Dorando Pietri’s sporting career was almost over before it began. Always a boy of sudden enthusiasms, and ever eager to follow the latest fashion, he had simply fallen in love with cycling. He had seized on bike racing as a way to make his mark and be somebody, as a route to success and standing in Carpi. The seductiveness of the machines, the scent of the oil, the bright clothing, the cut of the racing jerseys, the way his heart beat when lining up for the start – he loved it all. He also enjoyed talking about the sport and reading about it in the papers after a race.

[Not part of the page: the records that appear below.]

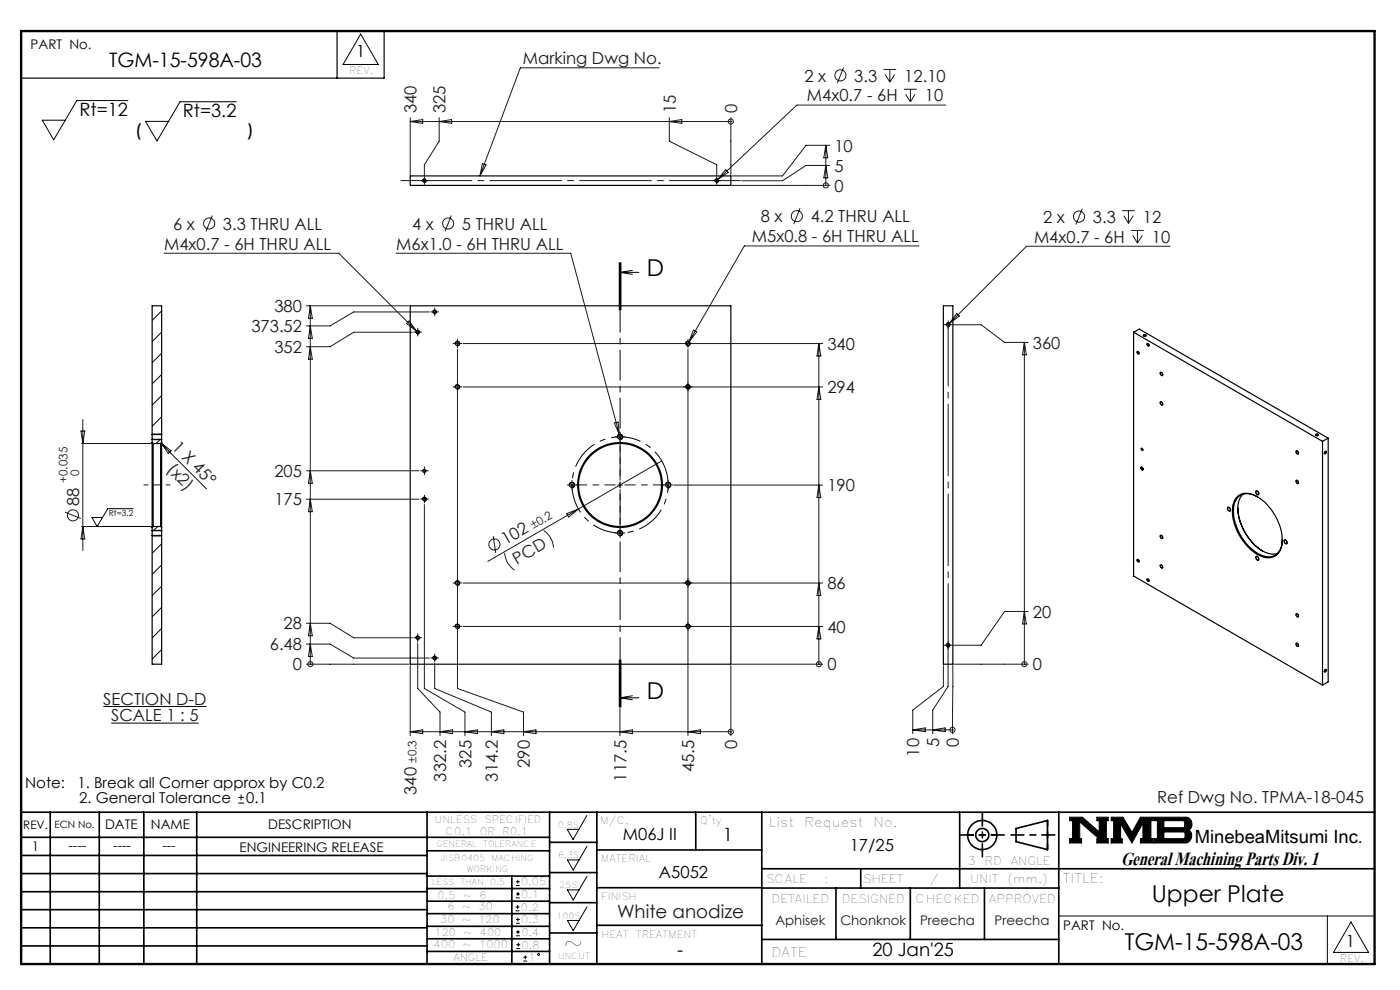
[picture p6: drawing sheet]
<svg xmlns="http://www.w3.org/2000/svg" width="297mm" height="210mm" viewBox="0 0 297 210" stroke-linecap="round" stroke-linejoin="round" font-family="sans-serif">
<g fill="none" stroke="#000" stroke-width=".21">
<path d="M76.5 7.2l3.8 6.5h-7.5zM27.1 21.3h-10.8l-4.9 8.4-2.4-4.2h4.9M50.1 21.6h-11.9l-4.9 8.3-2.4-4.2h4.9M89.6 38.4a.4 .4 0 0 1 .4-.5 .4 .4 0 0 1 .4 .5 .4 .4 0 0 1-.5 .3M151.7 38.4a.4 .4 0 0 1 .3-.5 .4 .4 0 0 1 .4 .5 .4 .4 0 0 1-.5 .3M131.4 55.7v10M131.5 57.8h4M131.5 57.8l2.7 .4M131.5 55.7v10M131.7 55.7v10M134.2 57.4l-2.7 .4M34.3 66l-2 2"/>
<path d="M34.3 70.4l-2 2.1M34.3 74.9l-2 2M34.3 79.4l-2 2M88.2 70.6a.4 .4 0 0 1 .4-.5 .4 .4 0 0 1 .4 .4 .4 .4 0 0 1-.5 .4M91.8 66.3a.4 .4 0 0 1 .4-.5 .4 .4 0 0 1 .4 .4 .4 .4 0 0 1-.5 .4M96.6 73a.51 .51 0 0 1 .4-.6 .51 .51 0 0 1 .5 .5 .51 .51 0 0 1-.6 .5M145.5 73a.51 .51 0 0 1 .4-.6 .51 .51 0 0 1 .5 .5 .51 .51 0 0 1-.6 .5M200.7 69a.4 .4 0 0 1 .4-.5 .4 .4 0 0 1 .4 .4 .4 .4 0 0 1-.5 .4M241.2 74.5a.3 .3 0 0 1 .4 .2 .3 .3 0 0 1-.2 .4l-.2-.3zM242.5 71.1l.5-.1a.19 .19 0 0 1 .2 .2 .19 .19 0 0 1-.3 .2l-.3-.1zM243.3 72.8a.3 .3 0 0 1 .5 .2 .3 .3 0 0 1-.2 .4l-.3-.2zM246.1 79a.41 .41 0 0 1 .5 .2 .41 .41 0 0 1-.1 .5l-.3-.2z"/>
<path d="M32.3 92.1h2M32.3 93.3h2M34 93.2l-.9 .9M34.3 83.9l-2 2M34.3 88.4l-2 2M96.6 82.2a.51 .51 0 0 1 .4-.6 .51 .51 0 0 1 .5 .5 .51 .51 0 0 1-.6 .5M131 92.8a.6 .6 0 0 1 .5-.7 .6 .6 0 0 1 .6 .6 .6 .6 0 0 1-.7 .6M145.5 82.2a.51 .51 0 0 1 .4-.6 .51 .51 0 0 1 .5 .5 .51 .51 0 0 1-.6 .5M242.1 99.1a.29 .29 0 0 1 .4 .2 .29 .29 0 0 1-.3 .4l-.2-.3zM246.1 85.3a.37 .37 0 0 1 .5 .2 .37 .37 0 0 1-.1 .5l-.3-.3zM275 95.6a.38 .38 0 0 1 .4 .3 .38 .38 0 0 1-.1 .4l-.3-.2zM279.1 92.1h.4a.2 .2 0 0 1 .2 .2 .2 .2 0 0 1-.3 .2 .2 .2 0 0 1-.3-.1 .2 .2 0 0 1 0-.3z"/>
<path d="M281 95.9l.1-.1a.24 .24 0 0 1 .4 .1 .24 .24 0 0 1-.3 .3h-.3zM20.3 111.7h11.9M28.2 107.9h-5.3l-2.3 3.8-1.1-1.9h2.2M32.3 112.5h2M32.3 113.7h2M33.5 111.7l-.9 .9M34.3 115.3l-2 2.1M34.3 119.8l-2 2M89.6 106a.4 .4 0 0 1 .4-.5 .4 .4 0 0 1 .4 .5 .4 .4 0 0 1-.5 .3M120.8 103a.6 .6 0 0 1 .5-.7 .6 .6 0 0 1 .6 .6 .6 .6 0 0 1-.7 .6M131 113.2a.59 .59 0 0 1 .5-.7 .59 .59 0 0 1 .6 .6 .59 .59 0 0 1-.7 .6M141.1 103a.61 .61 0 0 1 .6-.7 .61 .61 0 0 1 .6 .6 .61 .61 0 0 1-.7 .6"/>
<path d="M241.2 118.7h.3a.29 .29 0 0 1 .3 .3 .29 .29 0 0 1-.4 .3 .29 .29 0 0 1-.2-.4zM246.2 113.6a.41 .41 0 0 1 .4 .2 .41 .41 0 0 1-.1 .5l-.3-.3zM246.2 119.8a.4 .4 0 0 1 .4 .2 .4 .4 0 0 1-.1 .5l-.4-.4zM260.4 107.6a.47 .47 0 0 1 .6 .3 .47 .47 0 0 1-.2 .6l-.4-.5zM266.4 104.2a.46 .46 0 0 1 .6 .2 .46 .46 0 0 1-.2 .6l-.3-.3zM266.4 118.1a.45 .45 0 0 1 .6 .2 .45 .45 0 0 1-.2 .6l-.3-.2zM272.4 114.6a.51 .51 0 0 1 .6 .2 .51 .51 0 0 1-.1 .6l-.4-.2zM275 101.9a.43 .43 0 0 1 .4 .2 .43 .43 0 0 1-.1 .5l-.3-.4zM34.3 124.3l-2 2M34.3 128.8l-2 2M34.3 133.3l-2 2M34.3 137.8l-2 2"/>
<path d="M88.2 135.4a.4 .4 0 0 1 .4-.5 .4 .4 0 0 1 .4 .4 .4 .4 0 0 1-.5 .4M91.8 139.7a.4 .4 0 0 1 .4-.5 .4 .4 0 0 1 .4 .4 .4 .4 0 0 1-.5 .4M96.6 123.8a.51 .51 0 0 1 .4-.6 .51 .51 0 0 1 .5 .5 .51 .51 0 0 1-.6 .5M96.6 133a.51 .51 0 0 1 .4-.6 .51 .51 0 0 1 .5 .5 .51 .51 0 0 1-.6 .5M131.4 140v10M131.5 140v10M131.7 140v10zM145.5 133a.51 .51 0 0 1 .4-.6 .51 .51 0 0 1 .5 .5 .51 .51 0 0 1-.6 .5M145.5 123.8a.51 .51 0 0 1 .4-.6 .51 .51 0 0 1 .5 .5 .51 .51 0 0 1-.6 .5M200.7 137a.4 .4 0 0 1 .4-.5 .4 .4 0 0 1 .4 .4 .4 .4 0 0 1-.5 .4M243.3 122.8a.3 .3 0 0 1 .5 .2 .3 .3 0 0 1-.2 .4l-.3-.3zM275 136.4a.38 .38 0 0 1 .4 .3 .38 .38 0 0 1-.1 .5l-.3-.4z"/>
<path d="M275 130.2a.4 .4 0 0 1 .4 .2 .4 .4 0 0 1-.1 .5l-.4-.5zM21.9 149.9h21.9M23.6 153.4h18.6M131.5 148h4M131.5 148l2.7 .4M134.2 147.6l-2.7 .4M281.1 142a.29 .29 0 0 1 .3 .4 .29 .29 0 0 1-.4 .1zM50.6 170.3h1.2M50.6 169.1h1.2M51.2 168.5v1.2M120.3 175.9h2.5l-1.2 2.2zM124.5 173l-1.7 2.9"/>
<path d="M124.5 179.5l-1.7 2.9M226.9 173.3h2.7l3.6 3.2v-2.4h-.5v-.8h2.4v.8h-.4v3.8h.4v.9h-2.4v-.9h.5l-4.1-3.6v3.6h.3v.9h-2.5v-.9h.6v-3.8h-.6zM235.7 173.3h2.5l1.9 3.3 1.8-3.3h2.8v.8h-.5v3.8h.5v.9h-2.8v-.9h.6v-3.3l-2.4 4.2-2.4-4v3.2h.4v.8h-2.4v-.9h.6v-3.8h-.6zM244.9 173.3h6.6a1.47 1.47 0 0 1 1.3 1.2 1.47 1.47 0 0 1-.7 1.6 1.48 1.48 0 0 1 .7 1.6 1.48 1.48 0 0 1-1.4 1.1h-6.5v-.9h.6v-3.8h-.6zM246.9 174.1h4.1l.3 .2v1l-.3 .3h-4.1zM246.9 176.5h4.2l.3 .3v.8l-.4 .3h-4.1zM109.4 193.2h.8M109.4 192.4h.8M109.4 187.8h.8M109.4 187h.8M109.5 198.5h.8M109.5 197.7h.8"/>
<path d="M109.5 195.9h.8M109.5 195h.8M109.5 190.5h.8M109.5 189.6h.8M109.8 192v.8M109.9 194.7v.8M109.9 186.6v.8M109.9 189.2v.8M109.9 197.3v.8M110 200v.8M120.4 182.4h2.4l-1.2 2.2zM120.4 188.8h2.4l-1.2 2.1z"/>
<path d="M120.4 195.3h2.4l-1.2 2.1zM124.5 185.9l-1.7 2.9M124.5 192.4l-1.7 2.9M224.6 194.3h67M281.6 194.3v10.2M286.6 195.6l3.7 6.4h-7.4zM109.5 201.2h.8M109.5 200.4h.8M111 203.9h.8M111 203.1h.8M111.4 202.7v.8"/>
<circle cx="114.3" cy="202.5" r=".2"/>
</g>
<g fill="none" stroke="#000" stroke-width=".35">
<path d="M4.5 172.3h287.1M4.5 177.6h112.1M10.7 172.3v32.2M21.1 172.3v32.2M30.5 172.3v32.2M41.7 172.3v32.2M90.6 172.3v32.2M116.6 172.3v32.2M116.6 178.7h10M126.6 172.3v32.2M147.6 172.3v8M161.6 172.3v32.2"/>
<path d="M203.6 172.3v16.1M215.5 175.7l6.7-1.6v6.1l-6.7-1.7zM224.6 172.3v32.2M4.5 185.3h86.1M4.5 181.5h86.1M4.5 189.2h86.1M4.5 193h86.1M4.5 196.8h86.1M90.6 199.1h26M90.6 193.8h26M90.6 188.5h26M90.6 191.2h26"/>
<path d="M90.6 180.5h26M90.6 185.8h26M90.6 196.5h26M108.6 185.8v18.5M116.6 185.1h10M116.6 191.5h10M116.6 197.9h10M126.6 196.3h35M126.6 188.3h35M126.6 180.3h35M161.6 184.3h130M161.6 199.3h63"/>
<path d="M161.6 188.4h63M177.3 188.4v10.9M182.6 184.3v4.1M193.1 188.4v10.9M208.8 188.4v10.9M4.5 200.7h86.1M90.6 201.8h26"/>
<circle cx="208.4" cy="177.1" r="3.1"/>
<circle cx="208.4" cy="177.1" r="1.4"/>
</g>
<path d="M4.5 6.6h287.1" fill="none" stroke="#000" stroke-width=".21" stroke-dasharray="6.3 1.3 1.3 1.3" stroke-dashoffset="1.9"/>
<g fill="none" stroke="#000" stroke-width=".25">
<path d="M71.5 6.6v10M81.5 6.6v10h-77M87 37.3h68v2h-68zM87 64.9h68v76h-68zM200.1 64.9h2v76h-2zM240.5 70.5v51.7l40.1 23.1M240.5 70.5l40.1 23.1M240.5 70.5l1.2-.7 40.1 23.1M241.3 74.6h.1a.28 .28 0 0 1 .2 .2 .28 .28 0 0 1-.1 .3l-.2-.3zM243.4 72.9h.1a.28 .28 0 0 1 .2 .2 .28 .28 0 0 1-.1 .3l-.2-.2zM246.2 79.1a.33 .33 0 0 1 .4 .1 .33 .33 0 0 1-.1 .4l-.3-.2zM32.3 92.2v1"/>
<path d="M32.3 93.9v18M32.3 92.2v-27.3h2v27.3M32.3 93.2h2M32.3 92.2h2M32.3 93.2v.7M32.3 93.9l.2 .2M32.5 94.1v17.6M32.5 94.1h1.6M34.1 94.1v17.6M34.3 92.2v1M34.3 93.9v18M34.3 93.9l-.2 .2"/>
<path d="M34.3 93.2v.7M242.1 99.2a.24 .24 0 0 1 .3 .1 .24 .24 0 0 1-.1 .3zM242.1 95.1h.1a.25 .25 0 0 1 .3 .2 .25 .25 0 0 1-.2 .3l-.2-.3zM246.2 85.3a.33 .33 0 0 1 .4 .2 .33 .33 0 0 1-.1 .4l-.3-.3zM275 95.7a.35 .35 0 0 1 .4 .2 .35 .35 0 0 1-.1 .4l-.3-.2zM279.2 92.1l.5 .1a.25 .25 0 0 1-.3 .2 .25 .25 0 0 1-.2-.3zM280.6 93.6v51.7M281 95.9l.2-.1a.22 .22 0 0 1 .1 .3 .22 .22 0 0 1-.3 0zM281.8 92.9v51.7l-1.2 .7M281.8 92.9l-1.2 .7M32.3 112.6v1M32.3 113.6v27.3h2v-27.3"/>
<path d="M32.3 113.6h2M32.3 111.9v.7M32.3 112.6h2M32.5 111.7l-.2 .2M32.5 111.7h1.6M34.1 111.7l.2 .2M34.3 112.6v1M34.3 111.9v.7M241.3 118.7a.23 .23 0 0 1 .3 .2 .23 .23 0 0 1-.2 .3zM246.2 113.7a.33 .33 0 0 1 .4 .1 .33 .33 0 0 1-.1 .4l-.3-.2zM246.2 119.9a.33 .33 0 0 1 .4 .2 .33 .33 0 0 1-.1 .4l-.3-.4zM260.5 107.7a.43 .43 0 0 1 .4 .2 .43 .43 0 0 1-.1 .5l-.3-.3z"/>
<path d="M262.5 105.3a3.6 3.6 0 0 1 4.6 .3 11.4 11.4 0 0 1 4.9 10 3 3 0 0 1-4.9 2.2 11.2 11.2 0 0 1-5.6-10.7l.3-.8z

The members of La Patria were enthusiastic supporters of this infant sport. They pointed out that it was healthy as it got you outdoors and just about anyone could do it. Newspapers such as Luce gave plenty of space to cycling too. Their editors reckoned the bicycle was a way of emancipating the working classes in northern Italy, where the poor had been forced to spend hours trudging their way to work from their homes and hamlets outside the cities. Now, because of the bicycle, they could reach their places of work quickly and cheaply. For Dorando, the bike was far more than just a cheap way to travel: it gave him speed and a way to prove that he too could be a champion.

A particularly dangerous form of cycle racing, especially in the early years of the twentieth century, was a ride paced by motorbikes, as neither they nor the bicycles were up to much mechanically. But Dorando was certainly keen on the sport – it all seemed so wonderful at the time. He savoured the moments at the start of the race when he was held motionless in the saddle, his head dipped deep over the handlebars, while the motorbikes coughed and spluttered their way into life.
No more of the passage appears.